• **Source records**
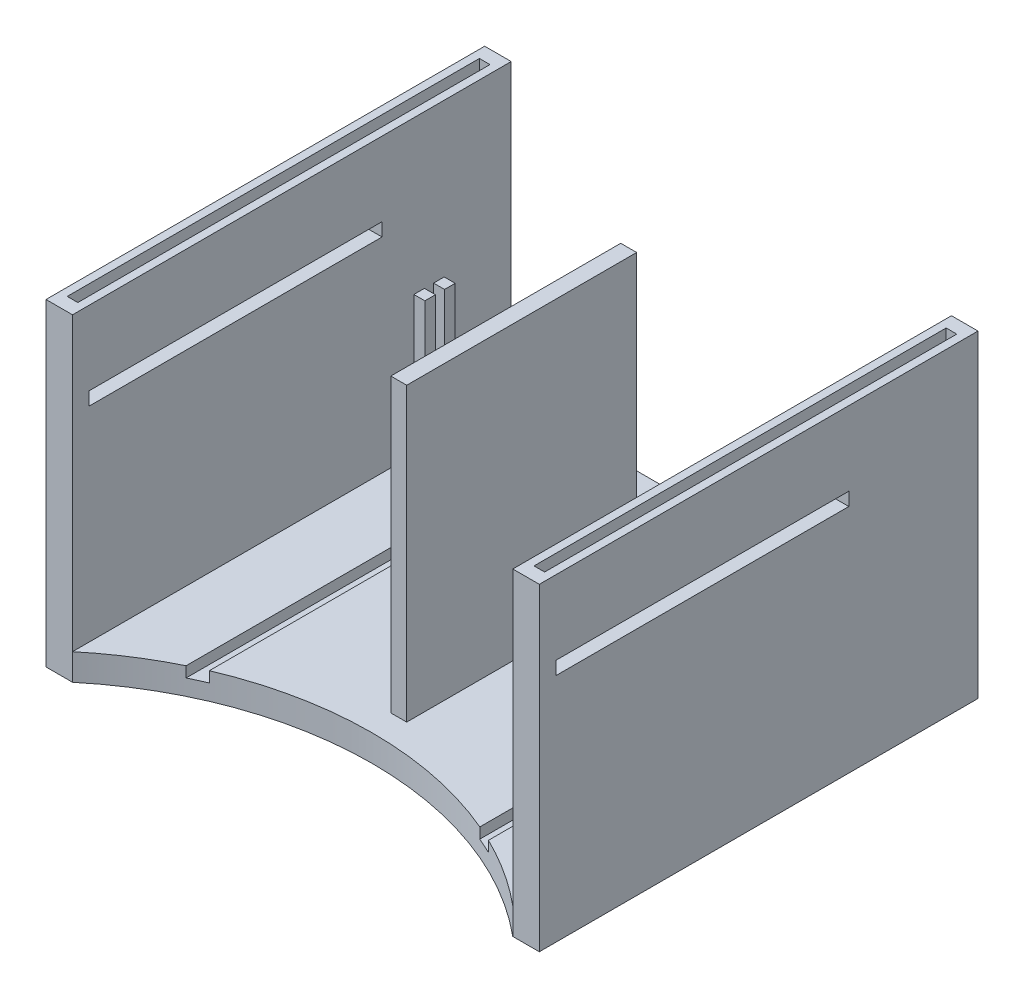
from build123d import *

# Parameters (mm, degrees)
EXTRUDE_THIN2_DEPTH     = 165.4
SKETCH11_W              = 166
SKETCH11_H              = 4
BOSS_EXTRUDE3_DEPTH     = 2.6416
CUT_EXTRUDE6_DEPTH      = 270.69086006
CUT_EXTRUDE6_DEPTH_BACK = 270.69086006
SKETCH13_W              = 110.495011338
SKETCH13_H              = 5
CUT_EXTRUDE7_DEPTH      = 273.127102656
SKETCH19_W              = 4
SKETCH19_H              = 155.4
CUT_EXTRUDE9_DEPTH      = 10
SKETCH20_W              = 4
SKETCH20_H              = 155.4
CUT_EXTRUDE10_DEPTH     = 10
SKETCH21_W              = 6
SKETCH21_H              = 86.697
BOSS_EXTRUDE4_DEPTH     = 110
CUT_EXTRUDE11_DEPTH     = 4
SKETCH23_W              = 166
SKETCH23_H              = 4
BOSS_EXTRUDE5_DEPTH     = 2.6416
SKETCH24_W              = 4.14
SKETCH24_H              = 4
BOSS_EXTRUDE6_DEPTH     = 49.64
SKETCH25_W              = 4.14
SKETCH25_H              = 4
BOSS_EXTRUDE7_DEPTH     = 49.64
SKETCH26_W              = 4.14
SKETCH26_H              = 4
BOSS_EXTRUDE8_DEPTH     = 49.64
SKETCH27_W              = 4.14
SKETCH27_H              = 4
BOSS_EXTRUDE9_DEPTH     = 49.64


with BuildPart() as part:
    # Sketch2 → Extrude-Thin2 (new body)
    with BuildSketch(Plane.XY):
        Polygon((0, 120), (0, 0), (186, 0), (186, 120), (176, 120), (176, 10), (10, 10), (10, 120), align=None)
    extrude(amount=EXTRUDE_THIN2_DEPTH)

    # Sketch11 → Boss-Extrude3 (add)
    with BuildSketch(Plane(origin=(0, 10, 0), x_dir=(1, 0, 0), z_dir=(0, 1, 0))):
        with Locations((93, -34.703)):
            Rectangle(SKETCH11_W, SKETCH11_H)
    extrude(amount=BOSS_EXTRUDE3_DEPTH)

    # Sketch13 → Cut-Extrude6 (cut, two sides: drawn at the far end of the back side and taken through both)
    with BuildSketch(Plane(origin=(10, 0, 0), x_dir=(0, 0, -1), z_dir=(1, 0, 0)).offset(-CUT_EXTRUDE6_DEPTH_BACK)):
        with Locations((-103.947505669, 89.551599899)):
            Rectangle(SKETCH13_W, SKETCH13_H)
    extrude(amount=CUT_EXTRUDE6_DEPTH + CUT_EXTRUDE6_DEPTH_BACK, mode=Mode.SUBTRACT)

    # Sketch14 → Cut-Extrude7 (cut, through all)
    with BuildSketch(Plane(origin=(0, 10, 0), x_dir=(1, 0, 0), z_dir=(0, 1, 0))):
        with BuildLine():
            Line((176, -165.4), (10, -165.4))
            ThreePointArc((10, -165.4), (93, -135.4), (176, -165.4))
        make_face()
    extrude(amount=-CUT_EXTRUDE7_DEPTH, mode=Mode.SUBTRACT)

    # Sketch19 → Cut-Extrude9 (cut)
    with BuildSketch(Plane(origin=(0, 120, 0), x_dir=(1, 0, 0), z_dir=(0, 1, 0))):
        with Locations((5, -82.7)):
            Rectangle(SKETCH19_W, SKETCH19_H)
    extrude(amount=-CUT_EXTRUDE9_DEPTH, mode=Mode.SUBTRACT)

    # Sketch20 → Cut-Extrude10 (cut)
    with BuildSketch(Plane(origin=(0, 120, 0), x_dir=(1, 0, 0), z_dir=(0, 1, 0))):
        with Locations((181, -82.7)):
            Rectangle(SKETCH20_W, SKETCH20_H)
    extrude(amount=-CUT_EXTRUDE10_DEPTH, mode=Mode.SUBTRACT)

    # Sketch21 → Boss-Extrude4 (add, through all)
    with BuildSketch(Plane(origin=(0, 10, 0), x_dir=(1, 0, 0), z_dir=(0, 1, 0))):
        with Locations((93, -82.0515)):
            Rectangle(SKETCH21_W, SKETCH21_H)
    extrude(amount=BOSS_EXTRUDE4_DEPTH)

    # Sketch22 → Cut-Extrude11 (cut)
    with BuildSketch(Plane(origin=(0, 10, 0), x_dir=(1, 0, 0), z_dir=(0, 1, 0))):
        Polygon((36, -48.703), (36, -148.583194008), (42, -145.837577441), (42, -48.703), align=None)
        Polygon((144, -145.837577441), (150, -148.583194008), (150, -48.703), (144, -48.703), align=None)
    extrude(amount=-CUT_EXTRUDE11_DEPTH, mode=Mode.SUBTRACT)

    # Sketch23 → Boss-Extrude5 (add)
    with BuildSketch(Plane(origin=(0, 10, 0), x_dir=(1, 0, 0), z_dir=(0, 1, 0))):
        with Locations((93, -27.263)):
            Rectangle(SKETCH23_W, SKETCH23_H)
    extrude(amount=BOSS_EXTRUDE5_DEPTH)

    # Sketch24 → Boss-Extrude6 (add)
    with BuildSketch(Plane(origin=(0, 12.6416, 0), x_dir=(1, 0, 0), z_dir=(0, 1, 0))):
        with Locations((12.07, -27.263)):
            Rectangle(SKETCH24_W, SKETCH24_H)
    extrude(amount=BOSS_EXTRUDE6_DEPTH)

    # Sketch25 → Boss-Extrude7 (add)
    with BuildSketch(Plane(origin=(0, 12.6416, 0), x_dir=(1, 0, 0), z_dir=(0, 1, 0))):
        with Locations((173.93, -27.263)):
            Rectangle(SKETCH25_W, SKETCH25_H)
    extrude(amount=BOSS_EXTRUDE7_DEPTH)

    # Sketch26 → Boss-Extrude8 (add)
    with BuildSketch(Plane(origin=(0, 12.6416, 0), x_dir=(1, 0, 0), z_dir=(0, 1, 0))):
        with Locations((12.07, -34.703)):
            Rectangle(SKETCH26_W, SKETCH26_H)
    extrude(amount=BOSS_EXTRUDE8_DEPTH)

    # Sketch27 → Boss-Extrude9 (add)
    with BuildSketch(Plane(origin=(0, 12.6416, 0), x_dir=(1, 0, 0), z_dir=(0, 1, 0))):
        with Locations((173.93, -34.703)):
            Rectangle(SKETCH27_W, SKETCH27_H)
    extrude(amount=BOSS_EXTRUDE9_DEPTH)


solid = part.part

• **Aim of the exercise**
Looking at the records above, how many lines have the word "SUBTRACT" in them? State the number only.

• **Exercise solution**
5